Já na portaria, imprensado num fosso entre duas muralhas de ferro, uma equipe de seguranças se aproximou do carro e solicitou os documentos. O meu, o do motorista e o do veículo. Com a voz baixa e articulando cada palavra, num tom de padre na sacristia, um deles pediu para revistar o porta-malas.

- Que papinho, hein? Ele meteu essa? —- repeti os bordões de Casimiro, influenciador carioca, como se tivesse junto dele.

Há tempos, Casimiro é famoso pelos conhecimentos futebolísticos e por uma habilidade de comunicação capaz de hipnotizar milhões de apaixonados pela maneira com que fala sobre qualquer coisa. Da relação com a namorada a compra de um celular novo em um shopping, sem deixar de lado os comentários sobre alguma jogada inusitada de um atleta do Vasco, seu time de coração. Ele é hábil na arte de narrar aquilo que, ou teríamos vontade de falar e não podemos, ou diríamos se soubéssemos o que dizer.

São famosos os vídeos de reação ao mundo dos ricos. O influenciador seleciona passeios de outros blogueiros por hotéis de luxo, em voos de classe executiva, visitas a mansões de condomínios trilhardários e comenta, fazendo questão de marcar que, apesar da gorda conta bancária, não faz parte daquele ambiente. A graça de Casimiro vem do fato de que ele está sempre fora do lugar. Foi assim que me senti quando cheguei à Fazenda Boa Vista.

O empreendimento fica a 120 km de São Paulo, na área rural de Porto Feliz, e reúne, numa área sete vezes maior que o Parque do Ibirapuera, os maiores nomes do PIB nacional. Vejam só: é ali que "sua mulher sai para caminhar de manhã com a esposa do dono do seu banco" — ostentou um proprietário antigo de um imóvel no condomínio, numa entrevista recente à revista Veja São Paulo.

Entre dois enormes campos de golfe, hípica para cavalos de raça, horta orgânica, uma pequeno comércio com lojas de qualquer shopping de luxo da capital paulista, está o primeiro hotel da rede Fasano no campo. Erguido à beira de um lago, o suntuoso prédio do arquiteto dos grã-finos Isay Weinfeld distribui 39 quartos numa tripa de pedra sobre o terreno com vista para os milhares de hectares de uma vegetação milimetricamente domada por funcionários treinados. Aos hóspedes, sob o custo de diárias para lá dos R$ 3.000, dá-se o direito de se misturar à paisagem e ter a sensação de que sempre estiveram ali, na mesma posição.

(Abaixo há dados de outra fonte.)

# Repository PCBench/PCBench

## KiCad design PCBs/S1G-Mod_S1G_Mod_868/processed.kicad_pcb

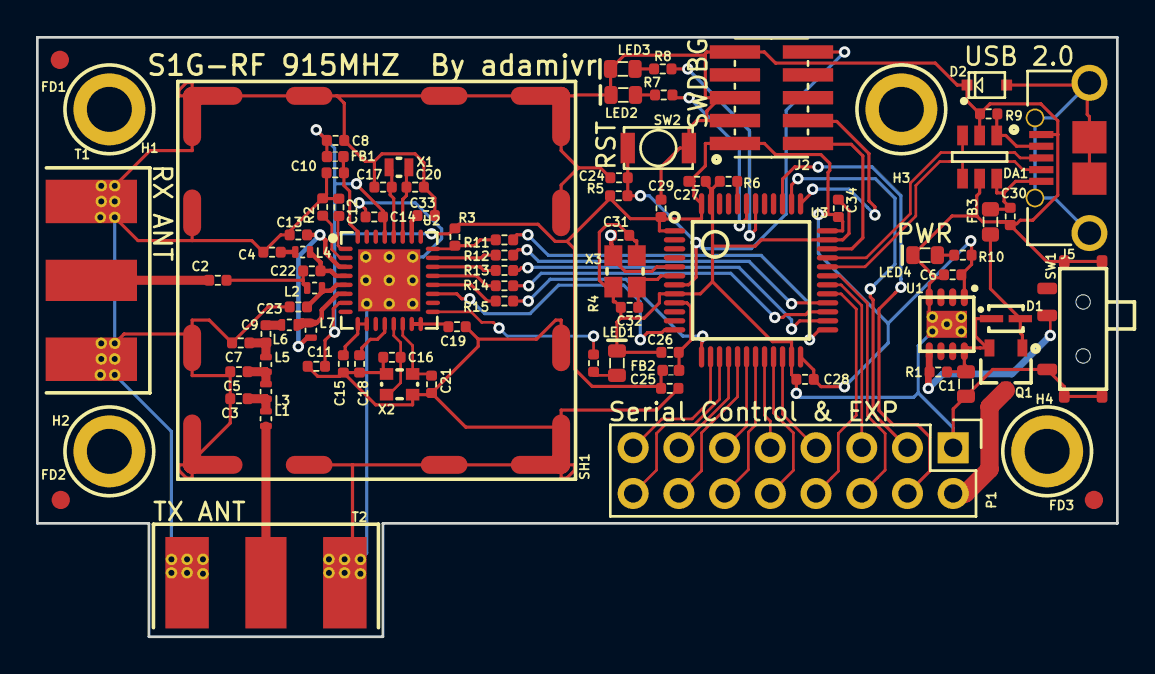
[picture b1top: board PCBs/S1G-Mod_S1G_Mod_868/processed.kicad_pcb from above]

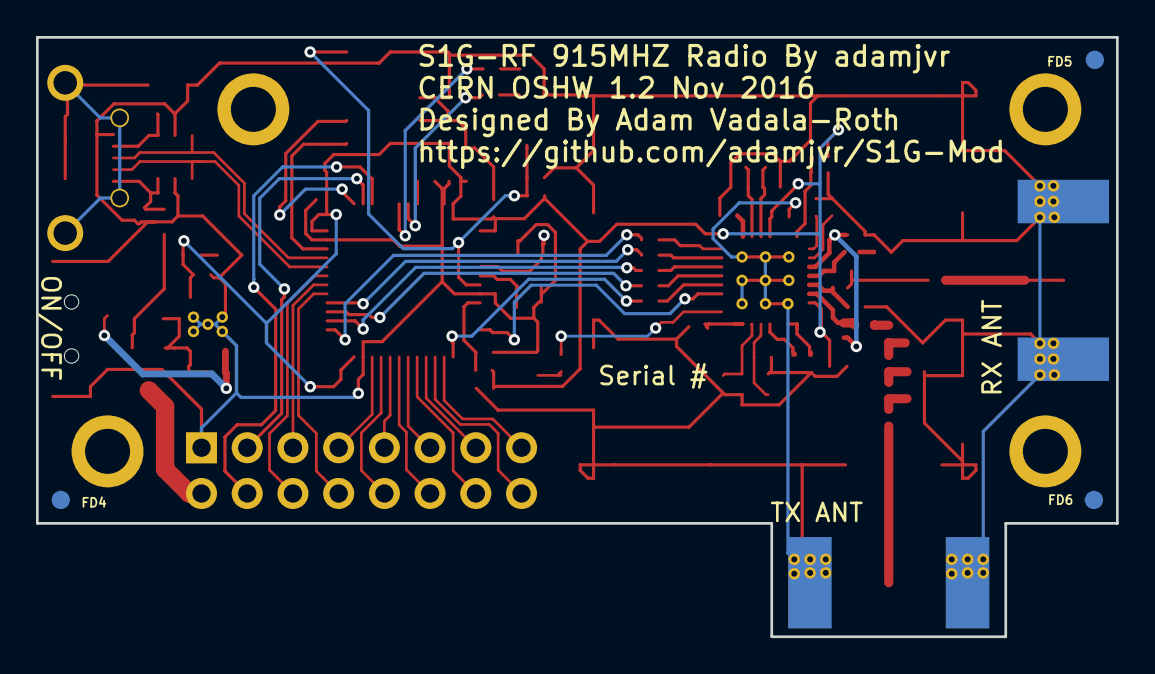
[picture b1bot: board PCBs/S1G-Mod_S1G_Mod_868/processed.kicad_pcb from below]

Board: 4 copper layers, 60.0 x 33.3 mm, 91 parts (3 on the bottom side), 73 nets.

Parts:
C1: CL10A106KQ8NNNC; C0603
C2: CBR04C560F1GAC; C0402
C3, C5: GJM1555C1H2R2WB01D; C0402
C4: GRM1555C1H101GA01D; C0402
C6, C8, C10, C11, C14, C24, C25, C26, C27, C28, C29, C30, C34: CL05B104JP5NNNC; C0402
C7: GJM1555C1H1R0BB01D; C0402
C9: CBR04C470F3GAC; C0402
C12, C13, C15, C19, C33: CL10B224JO8NNNC; C0402
C16, C21, C31, C32: GRM0225C1E8R0WA03L; C0402
C17, C20: CL05C090CB5NNNC; C0402
C18: GRM155R71H152KA01D; C0402
C22: GRM1555C2A2R7CA01D; C0402
C23: GRM1555C1E1R2BA01D; C0402
D1: BAT20JFILM
D2: RSB39VTE-17
DA1: ESDA6V1BC6
FB1, FB2: BLM15HG601SN1D
FB3: MI0603K300R-10
FD1, FD2, FD3, FD4, FD5, FD6: FIDUCIAL
H1, H2, H3, H4: M2.5_Hole; M2.5_HOLE
J2: 20021121-00010C4LF
J5: 0475890001-MicroUSBPort; 0475890001
L1, L2, L5: 0402CS-12NXJL; L0402
L3: 0402CS-24NXJL; L0402
L4: 0402CS-6N2XJL; L0402
L6: 0402CS-1N8XJL; L0402
L7: 0402CS-47NXJL; L0402
LED1, LED2: LTST-C193TBKT-5A; LED0603
LED3: LTST-C191KGKT; LED0603
LED4: LTST-C193KRKT-5A; LED0603
P1: 61301621121
Q1: DMG2307L-7
R1, R3, R6: RC1005F103CS; R0402
R2: ERA-2AEB363X; R0402
R4, R5, R7, R8, R10: RC1005F102CS; R0402
R9: RC1005J473CS; R0402
R11, R12, R13, R14, R15: TNPW0402100RBEED; R0402
SH1: 36103205
SW1: CUS-12TB
SW2: B3U-1000P
T1, T2: 732511150; 0732511150
U1: AP7361-33FGE-7
U2: ADF7023BCPZ
U3: STM32L052C8T6
X1: ABS05-32.768KHZ-9-T
X2: ABM11-140-26.000MHZ-T3
X3: ABM10-166-12.000MHZ-T3

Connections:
+3V3: C6.1, C8.2, C11.1, C14.2, C25.1, C27.1, C28.1, C29.1, C34.1, FB1.1, FB2.1, J2.1, R3.1, R5.1, R10.2, U1.1, U2.7, U2.29, U3.1, U3.24, U3.36, U3.48
/GPIO2: U2.19, U3.12
/MCU - STM32L052K8T6/GPIO_PA8: P1.8, U3.29
/MCU - STM32L052K8T6/GPIO_PA15: P1.3, U3.38
/MCU - STM32L052K8T6/GPIO_PB0: P1.11, U3.18
/MCU - STM32L052K8T6/GPIO_PB1: P1.12, U3.19
/MCU - STM32L052K8T6/GPIO_PB2: P1.9, U3.20
/MCU - STM32L052K8T6/GPIO_PB3: P1.4, U3.39
/MCU - STM32L052K8T6/GPIO_PB10: P1.10, U3.21
/MCU - STM32L052K8T6/GPIO_PB11: P1.7, U3.22
/MCU - STM32L052K8T6/MCU_IRQ: R15.2, U3.13
/MCU - STM32L052K8T6/NRST: C24.1, J2.10, R5.2, SW2.2, U3.7
/MCU - STM32L052K8T6/SPI2_MISO: P1.13, U3.16
/MCU - STM32L052K8T6/SPI2_MOSI: P1.14, U3.17
/MCU - STM32L052K8T6/SPI2_NSS: P1.15, U3.14
/MCU - STM32L052K8T6/SPI2_SCLK: P1.16, U3.15
/MCU - STM32L052K8T6/SPI_CS: R11.2, U3.25
/MCU - STM32L052K8T6/SPI_MISO: R14.2, U3.27
/MCU - STM32L052K8T6/SPI_MOSI: R12.2, U3.28
/MCU - STM32L052K8T6/SPI_SCLK: R13.2, U3.26
/MCU - STM32L052K8T6/SWCLK: J2.4, U3.37
/MCU - STM32L052K8T6/SWDIO: J2.2, U3.34
/MCU - STM32L052K8T6/USART1_RX: P1.6, U3.31
/MCU - STM32L052K8T6/USART1_TX: P1.5, U3.30
/MCU - STM32L052K8T6/USB_DM: DA1.4, J5.2, U3.32
/MCU - STM32L052K8T6/USB_DP: DA1.3, J5.3, U3.33
/MCU_IRQ: R15.1, U2.20
/ON_OFF: R1.1, SW1.2, U1.5
/PSU_IN: P1.2, Q1.3
/SPI_CS: R3.2, R11.1, U2.24
/SPI_MISO: R14.1, U2.21
/SPI_MOSI: R12.1, U2.23
/SPI_SCLK: R13.1, U2.22
/VBUS: D1.1, FB3.1, Q1.1
/VIN: C1.1, D1.2, Q1.2, R1.2, U1.8
/VREF: C10.2, FB1.2, U2.32
GND: C1.2, C3.2, C4.1, C5.2, C6.2, C7.2, C8.1, C10.1, C11.2, C12.1, C13.1, C14.1, C15.2, C16.2, C17.1, C18.2, C19.2, C20.2, C21.2, C23.1, C24.2, C25.2, C26.2, C27.2, C28.2, C29.2, C30.1, C31.2, C32.2, C33.2, C34.2, D2.2, DA1.2, DA1.5, J2.3, J2.5, J2.9, J5.5, LED1.2, LED2.2, LED3.2, LED4.2, P1.1, R2.1, R6.1, R9.2, SH1.1, SW1.1, SW1.4, SW2.1, T1.2, T2.2, U1.4, U1.9, U2.33, U3.8, U3.23, U3.35, U3.47, X2.2, X2.4, X3.2, X3.4
unnamed: C2.1, T1.1
unnamed: C2.2, C22.1, L2.1
unnamed: C3.1, L1.2, L3.1
unnamed: C4.2, L4.1
unnamed: C5.1, L3.2, L5.1
unnamed: C7.1, C9.1, L5.2
unnamed: C9.2, L6.1
unnamed: C12.2, U2.1
unnamed: C13.2, L7.1, U2.3
unnamed: C15.1, U2.9, U2.10
unnamed: C16.1, U2.13, X2.1
unnamed: C17.2, U2.28, X1.1
unnamed: C18.1, U2.12
unnamed: C19.1, U2.15, U2.16
unnamed: C20.1, U2.27, X1.2
unnamed: C21.1, U2.14, X2.3
unnamed: C22.2, L4.2, U2.4
unnamed: C23.2, L2.2, U2.5
unnamed: C26.1, FB2.2, U3.9
unnamed: C30.2, DA1.6, FB3.2, J5.1
unnamed: C31.1, U3.5, X3.1
unnamed: C32.1, U3.6, X3.3
unnamed: C33.1, U2.26
unnamed: D2.1, J5.6, J5.7, J5.8, J5.9, J5.10, J5.11
unnamed: DA1.1, J5.4, R9.1
unnamed: L1.1, T2.1
unnamed: L6.2, L7.2, U2.6
unnamed: LED1.1, R4.2
unnamed: LED2.1, R7.1
unnamed: LED3.1, R8.1
unnamed: LED4.1, R10.1
unnamed: R2.2, U2.2
unnamed: R4.1, U2.17
unnamed: R6.2, U3.44
unnamed: R7.2, U3.43
unnamed: R8.2, U3.42

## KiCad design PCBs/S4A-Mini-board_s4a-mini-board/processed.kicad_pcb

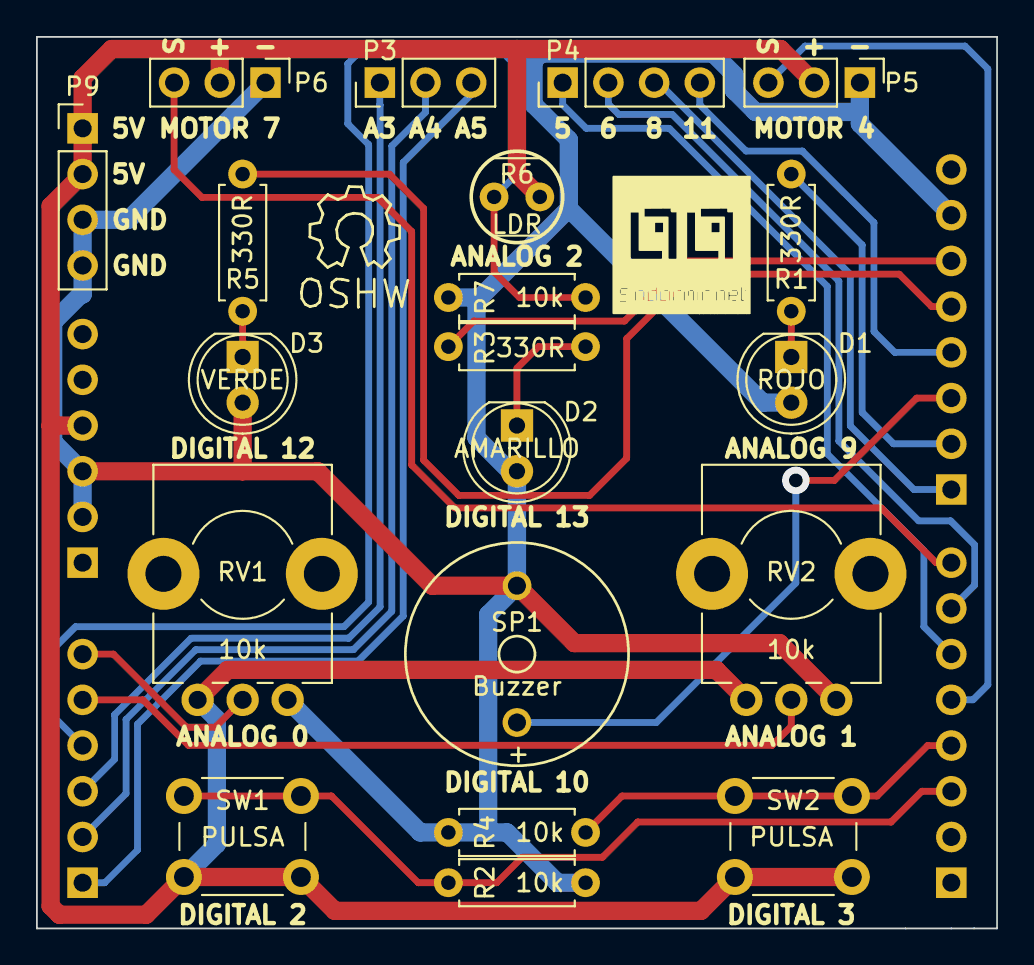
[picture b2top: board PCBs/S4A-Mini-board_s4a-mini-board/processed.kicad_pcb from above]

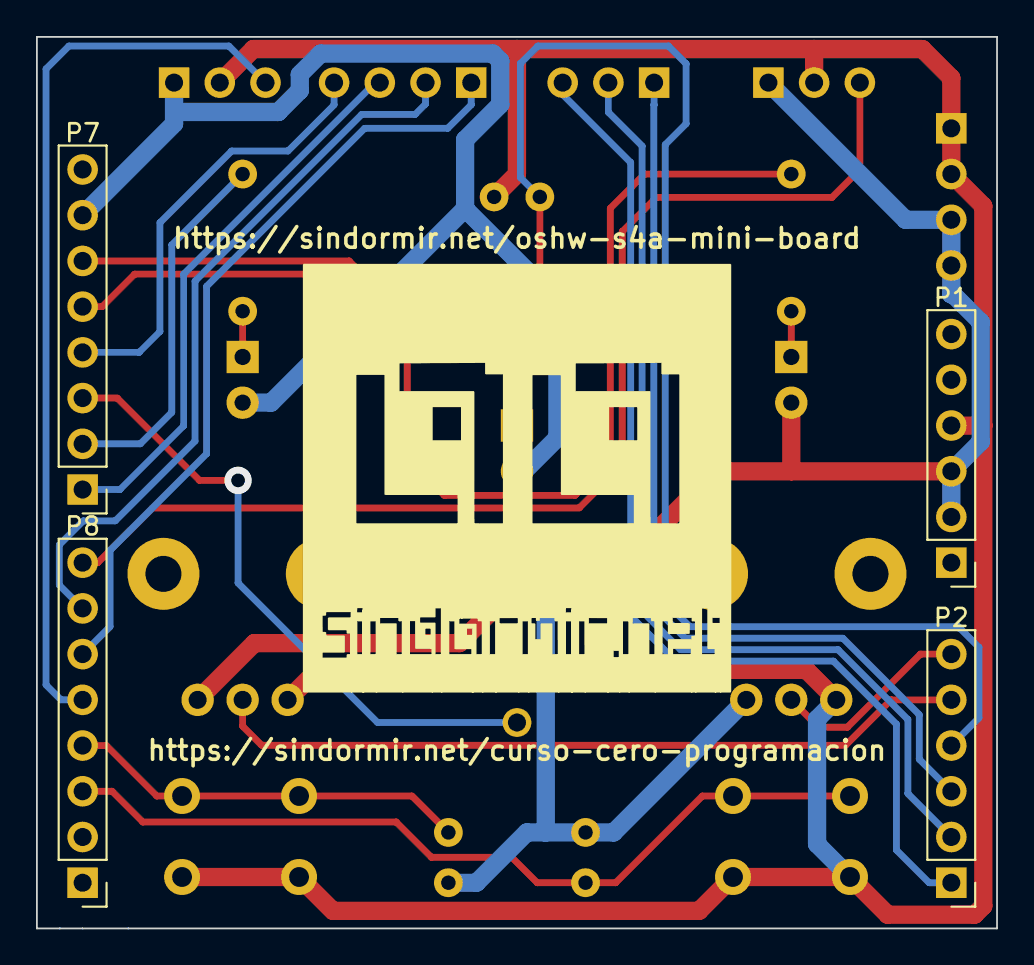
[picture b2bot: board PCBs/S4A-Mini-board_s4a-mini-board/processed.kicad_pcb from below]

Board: 2 copper layers, 53.3 x 49.5 mm, 25 parts (4 on the bottom side), 23 nets.

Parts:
D1: ROJO; LED_D5.0mm
D2: AMARILLO; LED_D5.0mm
D3: VERDE; LED_D5.0mm
P1: Arduino Power header; Pin_Header_Straight_1x06_Pitch2.54mm
P2: Arduino Analog header; Pin_Header_Straight_1x06_Pitch2.54mm
P3: Analog pin; Socket_Strip_Straight_1x03_Pitch2.54mm
P4: Digital pin; Socket_Strip_Straight_1x04_Pitch2.54mm
P5: Servo 1; Pin_Header_Straight_1x03_Pitch2.54mm
P6: Servo 2; Pin_Header_Straight_1x03_Pitch2.54mm
P7: Arduino Digital H header; Pin_Header_Straight_1x08_Pitch2.54mm
P8: Arduino Digital L header; Pin_Header_Straight_1x08_Pitch2.54mm
P9: Power; Socket_Strip_Straight_1x04_Pitch2.54mm
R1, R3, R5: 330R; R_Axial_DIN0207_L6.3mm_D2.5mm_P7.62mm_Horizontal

Tanto os moradores — dispostos a pagar até 6 milhões de reais por um terreno ou 12 milhões de reais por uma casinha geminada na Vila Fasano — quanto os hóspedes desesperados por um canto qualquer no hotel lotado buscam na Fazenda Boa Vista a possibilidade de viver o "desde sempre", objeto de desejo das elites há muito tempo.

Para os endinheirados brasileiros, uma boa gestão do tempo pode ser o remédio ou veneno na invenção de quem são. É na forma como ostentam o tempo de amizade, da casa, dos sonhos de consumo, da serventia dos fiéis funcionários e na maneira com que se relacionam que marcam os limites da própria riqueza e mostram que tipo de rico são.

Nas minhas pesquisas com os ricos tradicionais brasileiros, era comum ouvi-los se referirem a qualquer coisa junto da expressão "desde sempre". Para roupa, "desde sempre tenho essa peça". Para objetos de casa, "desde sempre tenho esse móvel. Era de vovó". Para os amigos, "desde sempre conheço fulana". Para viagens, "desde sempre vou a Paris" e por aí vai. Para os empregados, "ela trabalha desde sempre aqui. É patrimônio" como se não soubesse da abolição.

É na marcação de um tempo atemporal e no apagamento das origens que os ricos brasileiros inventam a própria diferença e, contra quaisquer questionamentos, avisam de pronto: somos ricos desde sempre.

A Fazenda Boa Vista, assim como outros condomínios para milionários de São Paulo, é craque em construir uma paisagem mítica que permite aos moradores e visitantes o contato com aquilo que imaginam ser ideal de ricos. É entre o que se vê e o que se sente nesses lugares que os frequentadores têm a chance de experimentar o sonho de uma riqueza imaginária, congelada no tempo, restrita a quem pode.

O condomínio traduz o desejo de ser rico em paisagem. Chamo aqui a atenção para dois detalhes simples: o controle milimétrico sobre o jardim e sobre a velocidade dos carros, além do silêncio.

Ao entrar na Fazenda, a segurança coloca um enorme cartão vermelho sobre o para-brisa dos visitantes. O aviso informa sobre a presença de radares de velocidade espalhados pelas ruelas. Caso alguém ultrapasse os 30 km/h, será multado em quase 2 mil reais.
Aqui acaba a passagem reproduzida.